Müvekkilinin beraat etmesi gerektiğini savunan Tınazcı, "Göksun Asliye Ceza Mahkemesinde yapılan yargılamada Argus cihazının olup olmadığına dair ABD'ye yazı yazılmış ancak Argus'un olduğuna dair bir husus yoktur. Skymap cihazının kayıp olduğu belirtilmektedir, Devlet Denetleme Kurulunda bulunan resimde var olan bu cihazın saati 10.30 civarıdır, GPS cihazı küçük bir cihazdır, karların üstünde bu cihazın resmi çekilmiş ve sonrasında kaybolmuştur. Her şeyi toplamakla görevlendirilen bilirkişi heyeti görevini yapmamış ve en iyi ihtimalle görevi suiistimal suçunu oluşturmuştur." dedi.

Tınazcı, bilirkişi heyetince enkazın başına ilk ulaştıkları zamanın öğleden sonra olarak raporlandığını ancak bazı fotoğrafların tarih ve saatlerinin detaylı incelendiğinde enkaz alanına öğleden önce ulaşıldığının anlaşıldığını sözlerine ekledi.

Duruşma savcısı, kamu adına eksik hususların giderilmesini talep etti.

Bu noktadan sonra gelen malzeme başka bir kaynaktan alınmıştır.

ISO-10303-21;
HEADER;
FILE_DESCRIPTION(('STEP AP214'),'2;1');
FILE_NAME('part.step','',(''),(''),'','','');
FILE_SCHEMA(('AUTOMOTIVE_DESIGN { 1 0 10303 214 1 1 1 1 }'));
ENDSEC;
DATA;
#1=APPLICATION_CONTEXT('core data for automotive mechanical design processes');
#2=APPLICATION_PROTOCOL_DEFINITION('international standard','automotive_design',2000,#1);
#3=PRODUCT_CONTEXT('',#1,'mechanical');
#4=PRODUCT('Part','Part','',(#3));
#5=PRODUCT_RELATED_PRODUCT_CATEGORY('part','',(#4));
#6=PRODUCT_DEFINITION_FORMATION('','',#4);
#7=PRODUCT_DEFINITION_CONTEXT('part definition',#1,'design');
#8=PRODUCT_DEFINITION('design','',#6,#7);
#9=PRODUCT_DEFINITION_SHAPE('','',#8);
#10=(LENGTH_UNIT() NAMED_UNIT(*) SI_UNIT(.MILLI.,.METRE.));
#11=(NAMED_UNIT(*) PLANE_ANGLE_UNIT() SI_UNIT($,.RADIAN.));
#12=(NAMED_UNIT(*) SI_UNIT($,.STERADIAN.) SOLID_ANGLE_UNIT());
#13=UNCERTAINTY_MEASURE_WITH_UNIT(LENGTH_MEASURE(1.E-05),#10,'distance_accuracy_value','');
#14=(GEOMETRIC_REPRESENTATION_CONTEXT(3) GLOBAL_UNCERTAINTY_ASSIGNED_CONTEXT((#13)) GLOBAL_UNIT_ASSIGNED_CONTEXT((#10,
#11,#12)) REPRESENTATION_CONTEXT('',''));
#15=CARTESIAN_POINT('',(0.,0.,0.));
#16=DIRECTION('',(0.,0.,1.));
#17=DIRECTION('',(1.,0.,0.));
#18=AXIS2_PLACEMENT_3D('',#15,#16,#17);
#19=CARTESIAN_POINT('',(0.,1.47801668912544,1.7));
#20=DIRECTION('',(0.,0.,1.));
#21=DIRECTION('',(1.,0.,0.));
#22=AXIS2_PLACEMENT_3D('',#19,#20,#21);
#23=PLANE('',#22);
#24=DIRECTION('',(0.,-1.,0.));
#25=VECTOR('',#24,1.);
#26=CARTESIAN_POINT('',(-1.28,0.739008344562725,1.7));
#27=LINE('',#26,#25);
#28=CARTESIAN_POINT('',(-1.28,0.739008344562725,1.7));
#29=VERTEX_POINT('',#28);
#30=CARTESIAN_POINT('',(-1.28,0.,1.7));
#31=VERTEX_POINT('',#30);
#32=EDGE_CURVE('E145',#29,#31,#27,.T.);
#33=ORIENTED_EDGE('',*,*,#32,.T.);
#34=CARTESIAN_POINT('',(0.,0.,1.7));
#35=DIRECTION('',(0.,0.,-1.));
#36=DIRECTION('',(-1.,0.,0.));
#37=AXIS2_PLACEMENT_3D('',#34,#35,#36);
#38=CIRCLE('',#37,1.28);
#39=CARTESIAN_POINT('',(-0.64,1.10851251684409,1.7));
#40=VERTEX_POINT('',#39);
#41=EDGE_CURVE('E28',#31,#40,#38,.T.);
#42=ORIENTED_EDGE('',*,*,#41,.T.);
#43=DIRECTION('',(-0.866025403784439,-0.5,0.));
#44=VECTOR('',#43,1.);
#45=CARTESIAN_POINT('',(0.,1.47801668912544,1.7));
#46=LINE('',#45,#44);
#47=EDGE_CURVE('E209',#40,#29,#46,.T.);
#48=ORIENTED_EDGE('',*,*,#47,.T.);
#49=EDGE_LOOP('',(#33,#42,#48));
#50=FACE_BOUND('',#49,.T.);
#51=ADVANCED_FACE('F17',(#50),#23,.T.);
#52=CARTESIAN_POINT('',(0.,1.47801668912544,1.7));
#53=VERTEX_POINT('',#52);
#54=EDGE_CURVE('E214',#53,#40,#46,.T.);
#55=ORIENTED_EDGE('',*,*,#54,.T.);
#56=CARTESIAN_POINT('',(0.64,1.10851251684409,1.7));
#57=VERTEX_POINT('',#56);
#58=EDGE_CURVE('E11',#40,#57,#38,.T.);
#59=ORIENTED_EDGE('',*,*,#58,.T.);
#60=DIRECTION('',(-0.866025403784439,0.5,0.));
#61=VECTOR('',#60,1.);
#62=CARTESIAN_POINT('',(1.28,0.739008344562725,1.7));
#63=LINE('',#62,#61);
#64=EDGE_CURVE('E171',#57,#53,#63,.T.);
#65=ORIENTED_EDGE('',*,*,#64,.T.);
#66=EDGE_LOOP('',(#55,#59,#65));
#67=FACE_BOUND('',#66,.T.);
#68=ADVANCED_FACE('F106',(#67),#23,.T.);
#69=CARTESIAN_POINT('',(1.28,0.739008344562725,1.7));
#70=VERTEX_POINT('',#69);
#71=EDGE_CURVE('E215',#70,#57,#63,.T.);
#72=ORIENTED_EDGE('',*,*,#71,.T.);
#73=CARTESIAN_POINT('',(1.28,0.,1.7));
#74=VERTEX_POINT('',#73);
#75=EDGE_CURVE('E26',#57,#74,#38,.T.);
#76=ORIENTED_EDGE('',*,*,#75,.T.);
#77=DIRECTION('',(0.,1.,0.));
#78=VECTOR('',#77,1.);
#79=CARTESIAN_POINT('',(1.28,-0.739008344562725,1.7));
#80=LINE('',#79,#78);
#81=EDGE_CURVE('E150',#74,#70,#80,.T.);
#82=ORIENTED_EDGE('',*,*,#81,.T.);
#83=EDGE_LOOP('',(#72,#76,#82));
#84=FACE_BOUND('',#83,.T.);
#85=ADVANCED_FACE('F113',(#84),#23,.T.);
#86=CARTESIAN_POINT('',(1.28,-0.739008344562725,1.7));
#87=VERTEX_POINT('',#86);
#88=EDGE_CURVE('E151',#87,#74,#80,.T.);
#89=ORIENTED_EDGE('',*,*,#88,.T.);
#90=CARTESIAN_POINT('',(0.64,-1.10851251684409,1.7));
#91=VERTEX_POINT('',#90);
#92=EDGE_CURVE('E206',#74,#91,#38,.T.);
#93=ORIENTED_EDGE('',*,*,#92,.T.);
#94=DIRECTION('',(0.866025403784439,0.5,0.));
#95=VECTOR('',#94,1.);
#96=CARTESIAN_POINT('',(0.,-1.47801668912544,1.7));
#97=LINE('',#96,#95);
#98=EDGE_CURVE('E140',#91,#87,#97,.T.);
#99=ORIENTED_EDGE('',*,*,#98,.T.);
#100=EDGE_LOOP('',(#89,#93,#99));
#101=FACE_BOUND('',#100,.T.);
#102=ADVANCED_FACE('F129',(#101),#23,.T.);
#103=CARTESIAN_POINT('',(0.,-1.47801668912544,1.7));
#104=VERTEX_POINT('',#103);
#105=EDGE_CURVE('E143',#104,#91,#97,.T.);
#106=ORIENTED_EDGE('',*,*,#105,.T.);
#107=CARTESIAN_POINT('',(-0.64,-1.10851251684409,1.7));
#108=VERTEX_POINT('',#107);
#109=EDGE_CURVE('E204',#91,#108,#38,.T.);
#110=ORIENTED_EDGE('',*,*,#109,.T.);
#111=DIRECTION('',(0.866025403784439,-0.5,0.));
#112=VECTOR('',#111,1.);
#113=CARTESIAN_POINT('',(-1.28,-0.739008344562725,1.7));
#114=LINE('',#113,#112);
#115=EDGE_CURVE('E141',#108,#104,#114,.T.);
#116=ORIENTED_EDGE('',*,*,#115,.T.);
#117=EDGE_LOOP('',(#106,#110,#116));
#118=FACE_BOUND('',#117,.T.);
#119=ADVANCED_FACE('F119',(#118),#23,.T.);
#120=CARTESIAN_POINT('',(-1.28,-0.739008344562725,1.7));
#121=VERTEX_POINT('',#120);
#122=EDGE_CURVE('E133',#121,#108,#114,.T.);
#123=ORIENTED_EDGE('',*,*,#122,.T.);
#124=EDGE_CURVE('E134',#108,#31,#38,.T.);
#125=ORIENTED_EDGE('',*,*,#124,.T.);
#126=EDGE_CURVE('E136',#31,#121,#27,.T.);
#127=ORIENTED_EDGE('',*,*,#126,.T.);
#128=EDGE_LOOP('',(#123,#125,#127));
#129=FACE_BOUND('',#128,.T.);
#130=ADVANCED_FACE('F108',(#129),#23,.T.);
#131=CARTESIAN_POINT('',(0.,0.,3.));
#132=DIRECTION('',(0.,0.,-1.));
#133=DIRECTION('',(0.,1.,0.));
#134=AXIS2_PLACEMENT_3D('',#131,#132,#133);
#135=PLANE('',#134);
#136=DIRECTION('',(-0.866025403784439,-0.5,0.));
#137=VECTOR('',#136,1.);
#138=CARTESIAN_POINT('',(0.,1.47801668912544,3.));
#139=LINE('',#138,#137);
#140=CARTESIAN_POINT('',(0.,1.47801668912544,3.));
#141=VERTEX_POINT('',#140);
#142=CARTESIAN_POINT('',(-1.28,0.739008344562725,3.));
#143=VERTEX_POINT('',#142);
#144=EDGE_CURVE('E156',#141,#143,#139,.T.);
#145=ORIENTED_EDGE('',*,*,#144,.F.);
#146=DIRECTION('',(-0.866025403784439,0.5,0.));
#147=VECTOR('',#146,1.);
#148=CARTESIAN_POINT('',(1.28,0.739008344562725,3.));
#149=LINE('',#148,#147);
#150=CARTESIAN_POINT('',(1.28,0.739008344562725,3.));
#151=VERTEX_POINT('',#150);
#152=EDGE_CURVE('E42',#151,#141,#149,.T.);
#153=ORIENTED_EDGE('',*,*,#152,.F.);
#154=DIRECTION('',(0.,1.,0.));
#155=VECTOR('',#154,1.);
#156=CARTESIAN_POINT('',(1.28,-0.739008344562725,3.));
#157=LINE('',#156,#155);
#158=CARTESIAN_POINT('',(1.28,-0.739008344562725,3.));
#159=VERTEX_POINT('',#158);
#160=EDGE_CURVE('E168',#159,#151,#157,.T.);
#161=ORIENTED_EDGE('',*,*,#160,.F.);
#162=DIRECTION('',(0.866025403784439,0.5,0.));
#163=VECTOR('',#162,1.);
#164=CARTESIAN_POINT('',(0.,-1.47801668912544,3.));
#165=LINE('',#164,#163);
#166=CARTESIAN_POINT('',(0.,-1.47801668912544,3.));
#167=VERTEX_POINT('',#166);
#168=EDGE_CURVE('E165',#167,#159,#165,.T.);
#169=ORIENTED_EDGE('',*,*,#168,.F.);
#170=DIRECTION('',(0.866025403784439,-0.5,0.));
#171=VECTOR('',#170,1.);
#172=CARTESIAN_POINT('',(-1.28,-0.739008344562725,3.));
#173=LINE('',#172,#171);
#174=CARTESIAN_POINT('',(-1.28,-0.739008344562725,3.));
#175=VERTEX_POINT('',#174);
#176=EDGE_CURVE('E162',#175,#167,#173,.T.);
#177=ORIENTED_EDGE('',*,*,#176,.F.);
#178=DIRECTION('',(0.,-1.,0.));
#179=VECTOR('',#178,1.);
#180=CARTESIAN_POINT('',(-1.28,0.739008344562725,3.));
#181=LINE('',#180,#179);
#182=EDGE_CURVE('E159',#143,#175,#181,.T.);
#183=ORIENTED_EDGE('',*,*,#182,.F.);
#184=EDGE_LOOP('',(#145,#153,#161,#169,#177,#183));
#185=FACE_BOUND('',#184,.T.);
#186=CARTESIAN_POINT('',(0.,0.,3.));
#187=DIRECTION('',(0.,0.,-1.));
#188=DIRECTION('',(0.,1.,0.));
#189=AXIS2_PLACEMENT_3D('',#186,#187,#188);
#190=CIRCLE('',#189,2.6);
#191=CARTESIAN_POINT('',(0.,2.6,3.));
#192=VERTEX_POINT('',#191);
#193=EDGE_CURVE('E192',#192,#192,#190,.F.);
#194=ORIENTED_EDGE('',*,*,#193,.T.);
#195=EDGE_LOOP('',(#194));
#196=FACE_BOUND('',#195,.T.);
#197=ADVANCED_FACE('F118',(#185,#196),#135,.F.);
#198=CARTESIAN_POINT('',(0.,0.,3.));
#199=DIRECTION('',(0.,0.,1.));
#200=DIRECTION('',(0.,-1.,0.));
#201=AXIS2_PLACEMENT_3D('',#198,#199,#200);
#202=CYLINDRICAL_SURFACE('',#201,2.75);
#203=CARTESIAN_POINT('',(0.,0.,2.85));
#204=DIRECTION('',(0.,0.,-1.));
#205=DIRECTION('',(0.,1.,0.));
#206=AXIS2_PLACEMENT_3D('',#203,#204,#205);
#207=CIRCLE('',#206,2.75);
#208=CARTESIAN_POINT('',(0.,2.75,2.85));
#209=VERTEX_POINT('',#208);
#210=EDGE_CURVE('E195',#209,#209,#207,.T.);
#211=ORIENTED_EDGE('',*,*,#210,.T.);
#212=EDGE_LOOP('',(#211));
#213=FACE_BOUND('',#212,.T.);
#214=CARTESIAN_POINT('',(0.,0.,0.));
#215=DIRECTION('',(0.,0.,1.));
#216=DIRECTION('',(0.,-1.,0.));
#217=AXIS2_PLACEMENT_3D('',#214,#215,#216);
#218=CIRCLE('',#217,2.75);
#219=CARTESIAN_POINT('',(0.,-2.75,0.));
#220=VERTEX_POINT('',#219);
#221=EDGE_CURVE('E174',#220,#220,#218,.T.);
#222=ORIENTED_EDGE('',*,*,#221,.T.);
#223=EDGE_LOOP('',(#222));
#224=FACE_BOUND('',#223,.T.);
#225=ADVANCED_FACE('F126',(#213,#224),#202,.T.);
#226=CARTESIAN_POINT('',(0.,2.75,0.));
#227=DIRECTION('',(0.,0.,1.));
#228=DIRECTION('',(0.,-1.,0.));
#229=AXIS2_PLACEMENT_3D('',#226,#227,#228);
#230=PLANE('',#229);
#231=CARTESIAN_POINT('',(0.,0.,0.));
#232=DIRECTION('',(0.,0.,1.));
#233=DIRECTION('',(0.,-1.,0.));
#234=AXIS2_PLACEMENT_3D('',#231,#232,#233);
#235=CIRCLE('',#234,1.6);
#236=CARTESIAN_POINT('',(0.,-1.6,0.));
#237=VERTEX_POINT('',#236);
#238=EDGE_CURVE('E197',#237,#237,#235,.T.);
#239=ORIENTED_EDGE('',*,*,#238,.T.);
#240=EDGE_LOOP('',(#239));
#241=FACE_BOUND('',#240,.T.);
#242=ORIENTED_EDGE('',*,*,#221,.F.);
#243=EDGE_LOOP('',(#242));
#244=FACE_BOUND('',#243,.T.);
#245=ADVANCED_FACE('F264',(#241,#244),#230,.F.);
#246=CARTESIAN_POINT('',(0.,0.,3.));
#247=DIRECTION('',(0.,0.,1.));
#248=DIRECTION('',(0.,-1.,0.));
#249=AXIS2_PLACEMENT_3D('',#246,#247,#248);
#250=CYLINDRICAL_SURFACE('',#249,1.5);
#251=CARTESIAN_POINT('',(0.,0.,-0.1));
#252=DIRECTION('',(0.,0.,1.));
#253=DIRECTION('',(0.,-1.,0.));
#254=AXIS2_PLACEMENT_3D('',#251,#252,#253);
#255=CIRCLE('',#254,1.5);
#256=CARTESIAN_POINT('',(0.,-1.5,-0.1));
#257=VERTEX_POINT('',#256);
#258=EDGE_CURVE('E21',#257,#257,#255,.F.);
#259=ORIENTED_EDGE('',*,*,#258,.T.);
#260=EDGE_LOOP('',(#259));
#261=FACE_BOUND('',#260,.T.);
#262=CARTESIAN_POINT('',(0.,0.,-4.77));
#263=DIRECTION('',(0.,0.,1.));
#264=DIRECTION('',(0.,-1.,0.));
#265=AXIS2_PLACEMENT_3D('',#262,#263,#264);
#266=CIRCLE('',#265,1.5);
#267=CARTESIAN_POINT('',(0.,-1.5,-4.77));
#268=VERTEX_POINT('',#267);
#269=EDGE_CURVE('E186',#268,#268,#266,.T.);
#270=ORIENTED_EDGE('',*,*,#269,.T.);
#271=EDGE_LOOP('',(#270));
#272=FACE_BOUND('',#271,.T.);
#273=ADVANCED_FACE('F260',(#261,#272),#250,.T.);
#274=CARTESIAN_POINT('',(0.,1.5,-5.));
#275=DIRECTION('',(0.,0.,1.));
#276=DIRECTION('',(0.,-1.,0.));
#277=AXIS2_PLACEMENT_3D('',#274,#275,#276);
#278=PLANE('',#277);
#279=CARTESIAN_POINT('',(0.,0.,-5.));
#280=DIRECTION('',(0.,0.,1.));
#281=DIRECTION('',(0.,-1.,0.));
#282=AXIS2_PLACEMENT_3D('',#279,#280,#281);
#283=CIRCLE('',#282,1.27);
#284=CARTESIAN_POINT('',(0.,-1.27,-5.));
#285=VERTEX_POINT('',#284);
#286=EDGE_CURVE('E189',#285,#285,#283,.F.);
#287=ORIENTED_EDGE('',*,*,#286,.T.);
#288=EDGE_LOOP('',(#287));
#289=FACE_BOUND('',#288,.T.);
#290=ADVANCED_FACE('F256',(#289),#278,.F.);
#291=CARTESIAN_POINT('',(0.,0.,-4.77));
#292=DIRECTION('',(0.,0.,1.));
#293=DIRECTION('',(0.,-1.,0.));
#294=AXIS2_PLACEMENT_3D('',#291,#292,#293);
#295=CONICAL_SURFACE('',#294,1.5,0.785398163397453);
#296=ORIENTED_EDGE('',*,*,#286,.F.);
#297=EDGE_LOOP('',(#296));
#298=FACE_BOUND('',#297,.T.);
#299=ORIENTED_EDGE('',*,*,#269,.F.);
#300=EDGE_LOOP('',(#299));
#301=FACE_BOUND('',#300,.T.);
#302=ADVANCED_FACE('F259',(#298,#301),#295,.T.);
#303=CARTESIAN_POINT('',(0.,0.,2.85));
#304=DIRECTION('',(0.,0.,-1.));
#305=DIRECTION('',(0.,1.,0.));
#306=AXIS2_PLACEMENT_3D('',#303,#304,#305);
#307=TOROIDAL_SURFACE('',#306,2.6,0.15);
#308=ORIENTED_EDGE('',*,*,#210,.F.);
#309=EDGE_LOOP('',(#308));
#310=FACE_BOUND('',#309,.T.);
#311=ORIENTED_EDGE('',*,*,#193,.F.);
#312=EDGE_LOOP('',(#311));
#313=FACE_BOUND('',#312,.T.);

Mahkeme Başkanı, katılan vekillerin talepleri üzerine duruşmayı 5 Haziran 2024'e erteledi.

Milli Yol Partisi Genel Başkanı Remzi Çayır, duruşma sonrasında gazetecilere, yıllardır süren davanın bir an önce sonuçlanmasının gerektiğini dile getirdi.

A A 20240221 33770037 33770036 M U H S I N Y A Z I C I O G L U N U N O L U M U N E I L I S K I N S O R U S T U R M A L A R A F E T O M U D A H A L E S I D A V A S I N A D E V A M E D I L D I

Dava süreci

Kahramanmaraş Cumhuriyet Başsavcılığınca, BBP'nin kurucu Genel Başkanı Muhsin Yazıcıoğlu ile 5 kişinin ölümüne ilişkin yürütülen soruşturmaya FETÖ'nün talimatıyla müdahale ettikleri iddiasıyla 17 şüpheli hakkında hazırlanan iddianame 25 Aralık 2020'de kabul edilerek, Kahramanmaraş 2. Ağır Ceza Mahkemesinde dava açılmıştı.

Bu dosya ile Göksun Asliye Ceza Mahkemesindeki helikopterden GPS cihazının sökülmesine ilişkin 10 sanığın yargılandığı dava, sanık ve eylem yönünden bütünlük oluştuğu gerekçesiyle 6 Ocak'ta birleştirilmiş, sanıklardan 7'si her iki dosyada da yer aldığı için 2. Ağır Ceza Mahkemesindeki davada sanık sayısı 20'ye çıkmıştı.

Sanıklardan Muharrem Tunç'un vefatı nedeniyle yargılanan sanık sayısı 19 olmuştu.